→ **HOW TO COMPLETE THIS TASK**: What is needed is an exact copy of the lines from the one containing "normal blind 82" through the last line of the entries below, both included.

Dataset records

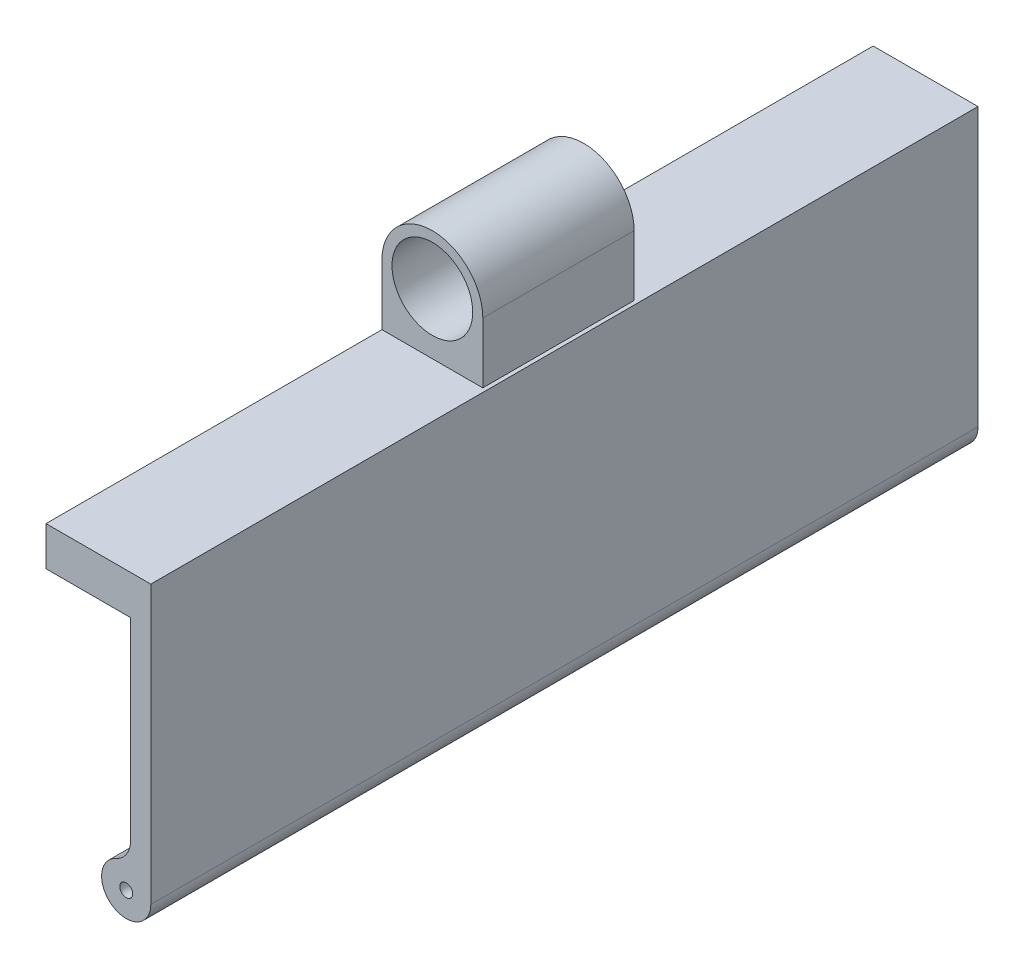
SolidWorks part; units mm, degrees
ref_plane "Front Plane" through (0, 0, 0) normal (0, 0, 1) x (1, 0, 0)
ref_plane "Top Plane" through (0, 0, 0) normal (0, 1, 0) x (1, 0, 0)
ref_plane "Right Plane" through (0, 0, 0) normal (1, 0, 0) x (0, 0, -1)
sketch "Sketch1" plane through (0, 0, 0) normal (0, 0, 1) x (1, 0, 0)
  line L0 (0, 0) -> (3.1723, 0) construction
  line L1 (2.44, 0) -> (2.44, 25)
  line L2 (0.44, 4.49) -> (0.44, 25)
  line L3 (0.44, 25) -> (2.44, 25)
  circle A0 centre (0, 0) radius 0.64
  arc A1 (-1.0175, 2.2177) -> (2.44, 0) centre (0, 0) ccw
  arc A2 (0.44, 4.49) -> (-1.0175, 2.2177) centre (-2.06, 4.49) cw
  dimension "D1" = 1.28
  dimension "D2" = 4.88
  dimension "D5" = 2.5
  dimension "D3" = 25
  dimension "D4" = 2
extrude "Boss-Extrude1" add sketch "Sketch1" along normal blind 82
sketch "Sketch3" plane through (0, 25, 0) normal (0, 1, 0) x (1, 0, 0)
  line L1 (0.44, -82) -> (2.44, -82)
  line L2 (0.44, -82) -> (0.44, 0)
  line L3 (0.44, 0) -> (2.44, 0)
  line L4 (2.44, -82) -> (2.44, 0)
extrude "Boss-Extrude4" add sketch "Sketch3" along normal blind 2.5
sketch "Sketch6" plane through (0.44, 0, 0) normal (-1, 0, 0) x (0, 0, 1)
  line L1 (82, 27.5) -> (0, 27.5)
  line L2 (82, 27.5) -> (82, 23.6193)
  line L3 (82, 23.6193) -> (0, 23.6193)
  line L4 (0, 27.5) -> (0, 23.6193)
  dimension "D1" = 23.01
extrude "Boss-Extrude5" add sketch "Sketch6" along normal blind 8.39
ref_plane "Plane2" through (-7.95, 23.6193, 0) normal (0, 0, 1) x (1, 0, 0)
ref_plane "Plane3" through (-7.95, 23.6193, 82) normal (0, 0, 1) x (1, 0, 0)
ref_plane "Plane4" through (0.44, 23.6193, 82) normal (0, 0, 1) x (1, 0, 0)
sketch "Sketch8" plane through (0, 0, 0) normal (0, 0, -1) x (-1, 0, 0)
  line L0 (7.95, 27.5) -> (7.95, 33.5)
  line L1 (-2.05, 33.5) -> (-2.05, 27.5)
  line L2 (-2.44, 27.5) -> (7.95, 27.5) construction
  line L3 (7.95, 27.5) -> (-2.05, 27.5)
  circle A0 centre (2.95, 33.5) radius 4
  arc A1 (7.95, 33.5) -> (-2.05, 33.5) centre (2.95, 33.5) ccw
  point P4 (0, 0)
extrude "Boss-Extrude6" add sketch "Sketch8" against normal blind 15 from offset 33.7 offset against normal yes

→ **EXERCISE RESULT**:
extrude "Boss-Extrude1" add sketch "Sketch1" along normal blind 82
sketch "Sketch3" plane through (0, 25, 0) normal (0, 1, 0) x (1, 0, 0)
  line L1 (0.44, -82) -> (2.44, -82)
  line L2 (0.44, -82) -> (0.44, 0)
  line L3 (0.44, 0) -> (2.44, 0)
  line L4 (2.44, -82) -> (2.44, 0)
extrude "Boss-Extrude4" add sketch "Sketch3" along normal blind 2.5
sketch "Sketch6" plane through (0.44, 0, 0) normal (-1, 0, 0) x (0, 0, 1)
  line L1 (82, 27.5) -> (0, 27.5)
  line L2 (82, 27.5) -> (82, 23.6193)
  line L3 (82, 23.6193) -> (0, 23.6193)
  line L4 (0, 27.5) -> (0, 23.6193)
  dimension "D1" = 23.01
extrude "Boss-Extrude5" add sketch "Sketch6" along normal blind 8.39
ref_plane "Plane2" through (-7.95, 23.6193, 0) normal (0, 0, 1) x (1, 0, 0)
ref_plane "Plane3" through (-7.95, 23.6193, 82) normal (0, 0, 1) x (1, 0, 0)
ref_plane "Plane4" through (0.44, 23.6193, 82) normal (0, 0, 1) x (1, 0, 0)
sketch "Sketch8" plane through (0, 0, 0) normal (0, 0, -1) x (-1, 0, 0)
  line L0 (7.95, 27.5) -> (7.95, 33.5)
  line L1 (-2.05, 33.5) -> (-2.05, 27.5)
  line L2 (-2.44, 27.5) -> (7.95, 27.5) construction
  line L3 (7.95, 27.5) -> (-2.05, 27.5)
  circle A0 centre (2.95, 33.5) radius 4
  arc A1 (7.95, 33.5) -> (-2.05, 33.5) centre (2.95, 33.5) ccw
  point P4 (0, 0)
extrude "Boss-Extrude6" add sketch "Sketch8" against normal blind 15 from offset 33.7 offset against normal yes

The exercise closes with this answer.